The group's lead singer, Gary Puckett, was born on October 17, 1942, in Hibbing, Minnesota, and grew up in Yakima, Washington – close to Union Gap – and Twin Falls, Idaho. He began playing guitar in his teens, graduated from Twin Falls High School in 1960, and attended college in San Diego, California. There, he dropped out of college and played in several local bands before joining the Outcasts, a local hard rock group, which produced two singles, but they were unsuccessful.

Following the breakup of the Outcasts, Puckett formed a new group he called Gary and the Remarkables, comprising bassist Kerry Chater (born in Vancouver, British Columbia, Canada; August 7, 1945 – February 4, 2022), keyboardist Gary 'Mutha' Withem (born August 22, 1944, San Diego), tenor saxophonist Dwight Bement (born December 28, 1945, San Diego), and drummer Paul Wheatbread (born in San Diego; February 8, 1946 – July 6, 2026).

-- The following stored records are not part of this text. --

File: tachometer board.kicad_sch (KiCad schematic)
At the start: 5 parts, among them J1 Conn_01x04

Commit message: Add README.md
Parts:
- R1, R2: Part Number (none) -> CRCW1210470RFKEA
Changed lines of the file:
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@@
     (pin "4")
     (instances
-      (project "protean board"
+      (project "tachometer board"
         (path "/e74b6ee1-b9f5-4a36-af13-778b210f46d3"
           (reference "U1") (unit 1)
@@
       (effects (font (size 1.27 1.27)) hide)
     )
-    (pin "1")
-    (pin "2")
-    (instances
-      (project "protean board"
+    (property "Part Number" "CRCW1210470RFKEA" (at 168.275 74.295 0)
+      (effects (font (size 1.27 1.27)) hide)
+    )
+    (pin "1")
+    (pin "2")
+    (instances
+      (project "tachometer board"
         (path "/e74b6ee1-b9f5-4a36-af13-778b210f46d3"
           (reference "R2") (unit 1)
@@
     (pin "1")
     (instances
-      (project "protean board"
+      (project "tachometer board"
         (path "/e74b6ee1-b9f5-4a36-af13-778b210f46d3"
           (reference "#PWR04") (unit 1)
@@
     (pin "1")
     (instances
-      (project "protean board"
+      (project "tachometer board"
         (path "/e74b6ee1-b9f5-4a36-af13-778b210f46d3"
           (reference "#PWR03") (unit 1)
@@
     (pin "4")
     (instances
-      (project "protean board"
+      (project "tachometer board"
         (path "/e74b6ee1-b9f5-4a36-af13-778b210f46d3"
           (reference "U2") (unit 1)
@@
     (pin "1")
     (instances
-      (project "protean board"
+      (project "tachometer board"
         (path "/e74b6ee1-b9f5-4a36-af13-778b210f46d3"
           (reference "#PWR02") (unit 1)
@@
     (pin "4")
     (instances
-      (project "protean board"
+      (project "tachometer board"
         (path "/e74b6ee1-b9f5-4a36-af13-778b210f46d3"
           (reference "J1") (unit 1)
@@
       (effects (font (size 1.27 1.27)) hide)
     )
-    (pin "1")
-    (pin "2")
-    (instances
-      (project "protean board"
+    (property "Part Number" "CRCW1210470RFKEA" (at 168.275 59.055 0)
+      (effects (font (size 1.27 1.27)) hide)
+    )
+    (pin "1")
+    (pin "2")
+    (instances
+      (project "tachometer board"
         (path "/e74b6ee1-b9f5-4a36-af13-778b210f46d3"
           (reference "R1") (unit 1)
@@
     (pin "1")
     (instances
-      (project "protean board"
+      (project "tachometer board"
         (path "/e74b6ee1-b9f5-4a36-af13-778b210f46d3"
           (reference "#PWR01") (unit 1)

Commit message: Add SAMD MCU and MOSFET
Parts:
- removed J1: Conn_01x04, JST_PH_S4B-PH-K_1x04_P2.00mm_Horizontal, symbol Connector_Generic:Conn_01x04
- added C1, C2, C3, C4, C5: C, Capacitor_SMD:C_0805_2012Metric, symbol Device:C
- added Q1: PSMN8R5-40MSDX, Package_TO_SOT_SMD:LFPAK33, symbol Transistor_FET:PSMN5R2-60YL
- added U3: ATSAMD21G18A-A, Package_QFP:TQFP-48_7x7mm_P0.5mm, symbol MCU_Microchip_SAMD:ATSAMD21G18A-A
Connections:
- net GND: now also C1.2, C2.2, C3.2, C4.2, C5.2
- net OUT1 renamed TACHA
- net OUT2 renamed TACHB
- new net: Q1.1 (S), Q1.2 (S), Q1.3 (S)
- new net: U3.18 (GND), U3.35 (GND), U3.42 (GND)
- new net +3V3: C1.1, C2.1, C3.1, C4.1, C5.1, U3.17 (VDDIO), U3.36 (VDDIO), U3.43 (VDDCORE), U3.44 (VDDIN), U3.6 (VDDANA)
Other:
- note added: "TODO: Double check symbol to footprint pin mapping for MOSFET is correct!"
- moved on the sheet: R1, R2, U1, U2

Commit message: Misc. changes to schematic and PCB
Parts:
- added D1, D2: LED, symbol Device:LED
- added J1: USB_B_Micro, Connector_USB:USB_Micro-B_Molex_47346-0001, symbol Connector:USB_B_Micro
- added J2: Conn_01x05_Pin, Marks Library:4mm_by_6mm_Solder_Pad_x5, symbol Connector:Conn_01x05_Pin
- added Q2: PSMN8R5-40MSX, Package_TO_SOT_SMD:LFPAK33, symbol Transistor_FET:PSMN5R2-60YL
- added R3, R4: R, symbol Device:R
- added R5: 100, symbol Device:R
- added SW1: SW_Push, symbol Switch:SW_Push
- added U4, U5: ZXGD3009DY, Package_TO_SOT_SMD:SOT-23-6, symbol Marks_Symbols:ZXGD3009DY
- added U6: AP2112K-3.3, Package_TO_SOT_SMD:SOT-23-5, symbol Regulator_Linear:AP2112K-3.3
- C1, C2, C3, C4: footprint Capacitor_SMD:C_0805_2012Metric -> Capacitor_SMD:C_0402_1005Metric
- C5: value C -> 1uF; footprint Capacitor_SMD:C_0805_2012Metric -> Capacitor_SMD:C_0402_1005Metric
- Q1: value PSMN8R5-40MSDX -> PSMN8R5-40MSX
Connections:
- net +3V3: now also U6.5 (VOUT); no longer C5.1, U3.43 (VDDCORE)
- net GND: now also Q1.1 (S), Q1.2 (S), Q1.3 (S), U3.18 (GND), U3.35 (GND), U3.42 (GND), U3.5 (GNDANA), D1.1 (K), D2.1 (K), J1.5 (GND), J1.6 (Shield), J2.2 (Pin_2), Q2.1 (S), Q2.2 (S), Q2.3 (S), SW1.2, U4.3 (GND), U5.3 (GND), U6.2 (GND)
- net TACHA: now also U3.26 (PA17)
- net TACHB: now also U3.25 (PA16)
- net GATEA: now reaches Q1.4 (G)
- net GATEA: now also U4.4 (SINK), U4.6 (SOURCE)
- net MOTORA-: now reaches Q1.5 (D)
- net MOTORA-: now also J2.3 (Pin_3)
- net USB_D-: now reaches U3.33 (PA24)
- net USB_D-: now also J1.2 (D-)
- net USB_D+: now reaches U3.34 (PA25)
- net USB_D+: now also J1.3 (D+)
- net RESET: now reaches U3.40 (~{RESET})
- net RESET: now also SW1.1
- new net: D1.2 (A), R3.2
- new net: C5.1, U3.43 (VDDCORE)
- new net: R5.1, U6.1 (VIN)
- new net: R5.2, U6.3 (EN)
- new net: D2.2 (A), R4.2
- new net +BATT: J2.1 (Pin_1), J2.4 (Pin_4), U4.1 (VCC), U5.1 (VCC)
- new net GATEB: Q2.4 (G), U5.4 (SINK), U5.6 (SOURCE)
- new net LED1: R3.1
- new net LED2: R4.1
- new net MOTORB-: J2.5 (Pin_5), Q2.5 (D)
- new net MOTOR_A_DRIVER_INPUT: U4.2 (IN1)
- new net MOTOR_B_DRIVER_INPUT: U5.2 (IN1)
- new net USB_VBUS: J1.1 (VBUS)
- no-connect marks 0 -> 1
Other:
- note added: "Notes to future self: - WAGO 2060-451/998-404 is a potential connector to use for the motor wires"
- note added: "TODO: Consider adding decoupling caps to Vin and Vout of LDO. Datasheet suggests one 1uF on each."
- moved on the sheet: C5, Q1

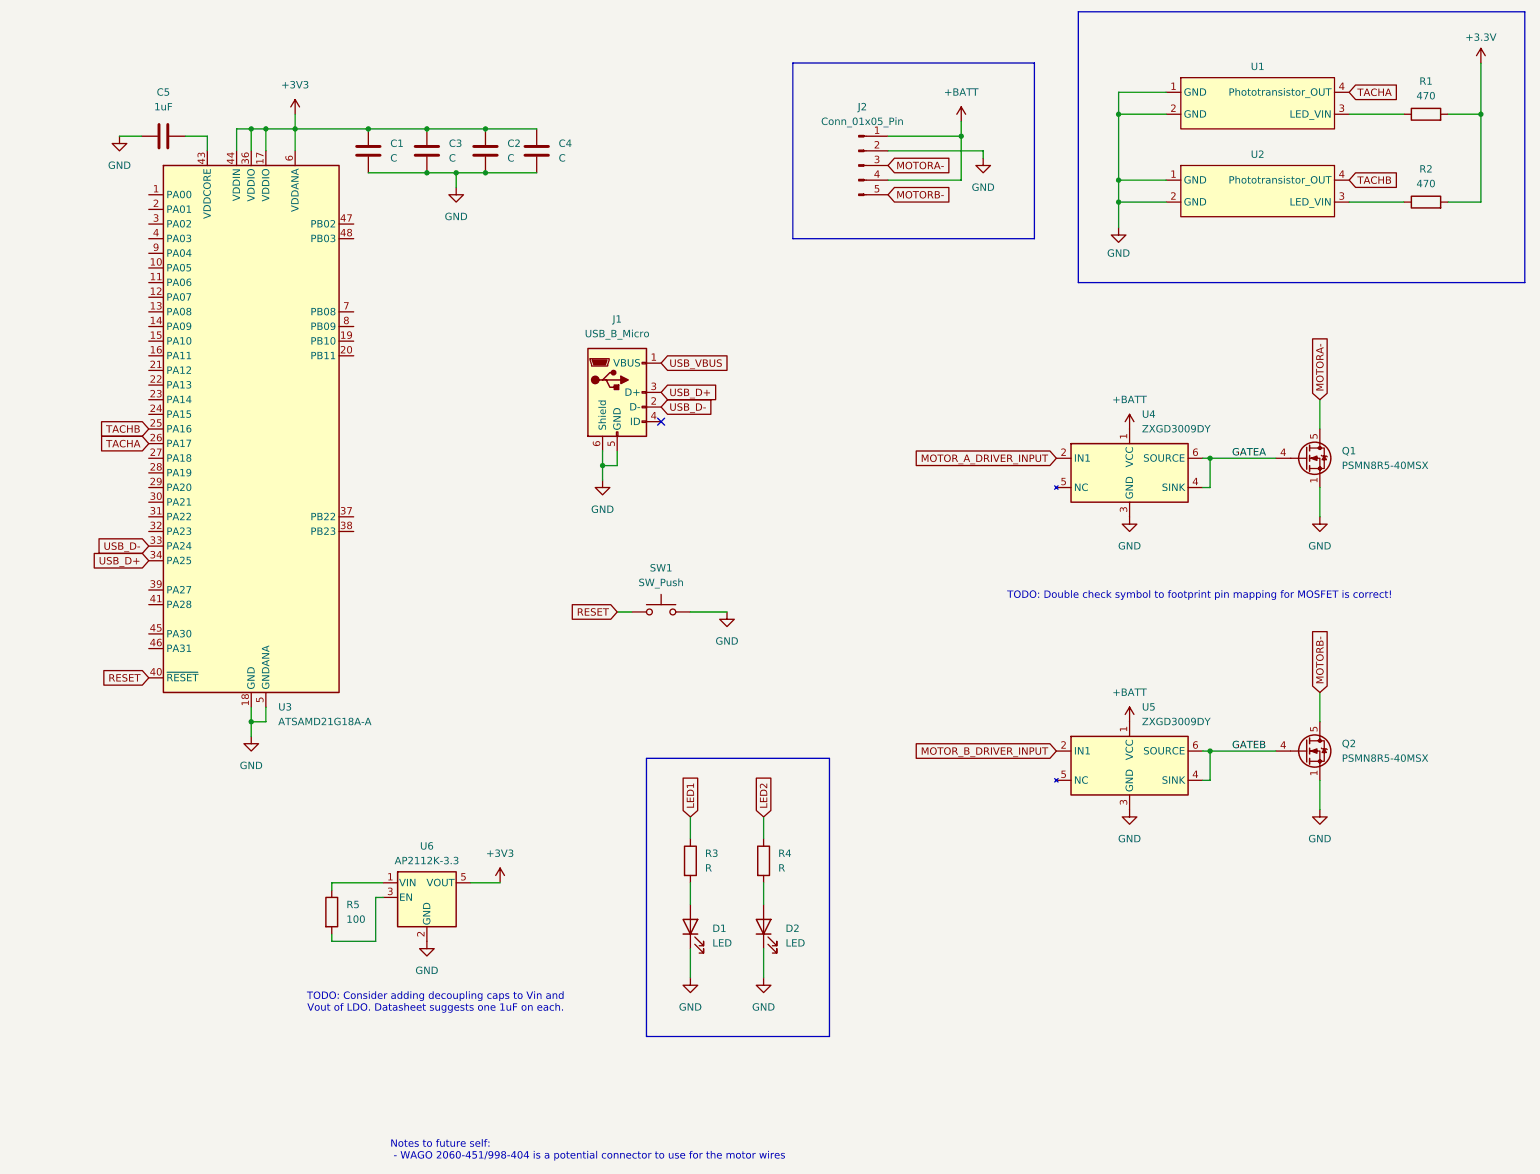
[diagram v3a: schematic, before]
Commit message: Add buck converter
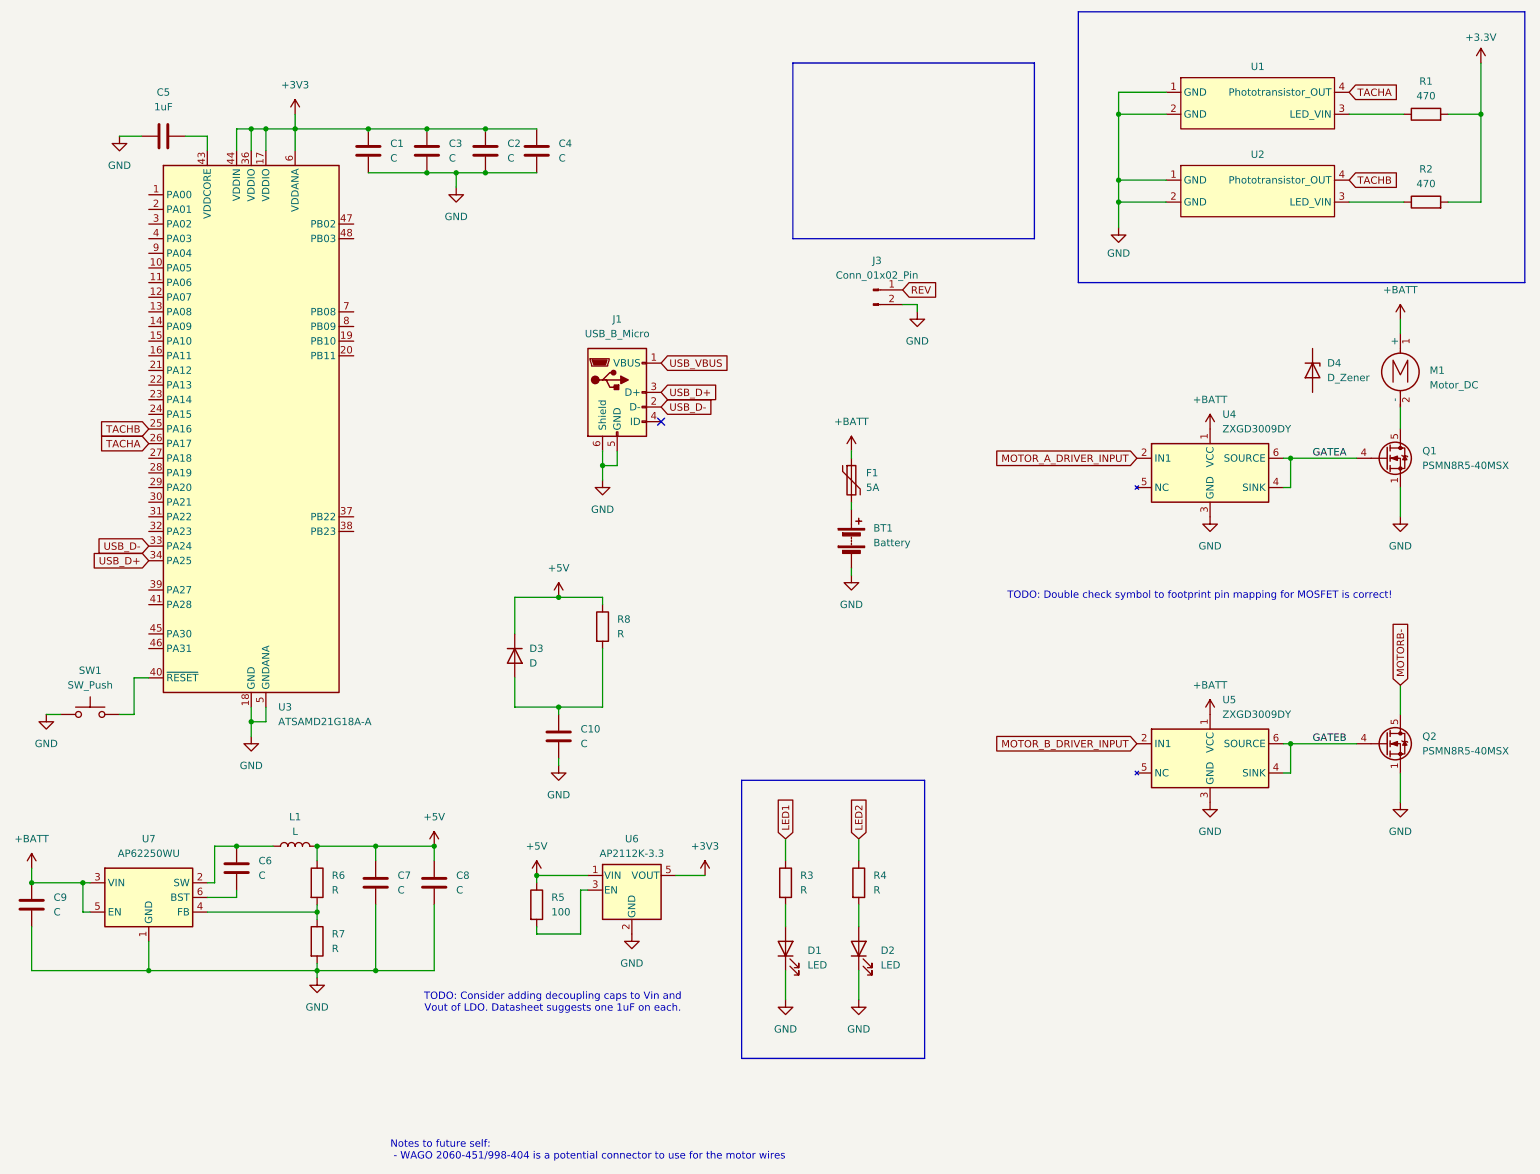
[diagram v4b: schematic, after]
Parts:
- removed J2: Conn_01x05_Pin, Marks Library:4mm_by_6mm_Solder_Pad_x5, symbol Connector:Conn_01x05_Pin
- added BT1: Battery, Connector_AMASS:AMASS_XT30PW-M_1x02_P2.50mm_Horizontal, symbol Device:Battery
- added C10, C6, C7, C8, C9: C, symbol Device:C
- added D3: D, symbol Device:D
- added D4: D_Zener, symbol Device:D_Zener
- added F1: 5A, Fuse:Fuse_2920_7451Metric, symbol Device:Polyfuse
- added J3: Conn_01x02_Pin, Connector_PinHeader_2.54mm:PinHeader_1x02_P2.54mm_Vertical, symbol Connector:Conn_01x02_Pin
- added L1: L, symbol Device:L
- added M1: Motor_DC, Marks Library:4mm_by_6mm_Solder_Pad_x2, symbol Motor:Motor_DC
- added R6, R7, R8: R, symbol Device:R
- added U7: AP62250WU, Package_TO_SOT_SMD:TSOT-23-6, symbol Regulator_Switching:AP62250WU
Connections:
- net +BATT: now also C9.1, F1.1, M1.1 (+), U7.3 (VIN), U7.5 (EN)
- net GND: now also SW1.1, BT1.2 (-), C10.2, C7.2, C8.2, C9.2, J3.2 (Pin_2), R7.2, U7.1 (GND); no longer SW1.2
- net +5V: now reaches R5.1, U6.1 (VIN)
- net +5V: now also C7.1, C8.1, D3.1 (K), L1.2, R6.1, R8.1
- net MOTORA-: no longer names the net of Q1.5 (D)
- net MOTORA-: now also M1.2 (-)
- net RESET: no longer names the net of U3.40 (~{RESET})
- net RESET: now also SW1.2; no longer SW1.1
- new net: C10.1, D3.2 (A), R8.2
- new net: R6.2, R7.1, U7.4 (FB)
- new net: C6.1, L1.1, U7.2 (SW)
- new net: C6.2, U7.6 (BST)
- new net: BT1.1 (+), F1.2
- new net REV: J3.1 (Pin_1)
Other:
- moved on the sheet: D1, D2, Q1, Q2, R3, R4, R5, SW1, U4, U5, U6

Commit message: Misc changes
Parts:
- C10: value C -> 470uF; footprint (none) -> Capacitor_SMD:CP_Elec_8x10
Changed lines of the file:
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@@
 	)
 	(symbol
+		(lib_name "IR_Reflectivity_Sensor_1")
 		(lib_id "Marks_Symbols:IR_Reflectivity_Sensor")
 		(at 233.68 31.75 0)
@@
 			)
 		)
-		(property "Value" "C"
+		(property "Value" "470uF"
 			(at 116.84 142.2399 0)
 			(effects
@@
 			)
 		)
-		(property "Footprint" ""
+		(property "Footprint" "Capacitor_SMD:CP_Elec_8x10"
 			(at 113.9952 144.78 0)
 			(effects
@@
 			(at 113.03 140.97 0)
 			(effects
+				(font
+					(size 1.27 1.27)
+				)
+				(hide yes)
+			)
+		)
+		(property "Part Number" ""
+			(at 113.03 140.97 0)
+			(effects

In 1966, the band toured the Pacific Northwest without Wheatbread, who was recruited as the house drummer on the television series Where the Action Is; he later rejoined the line-up. Under manager Dick Badger, the team was renamed The Union Gap in early 1967, and its members outfitted themselves in Union Army-style Civil War uniforms as a visual gimmick. They then recorded a demo, which was heard by CBS record producer and songwriter Jerry Fuller. Impressed by Puckett's tenor voice and the band's soft rock leanings, Fuller signed them to a recording contract with Columbia Records.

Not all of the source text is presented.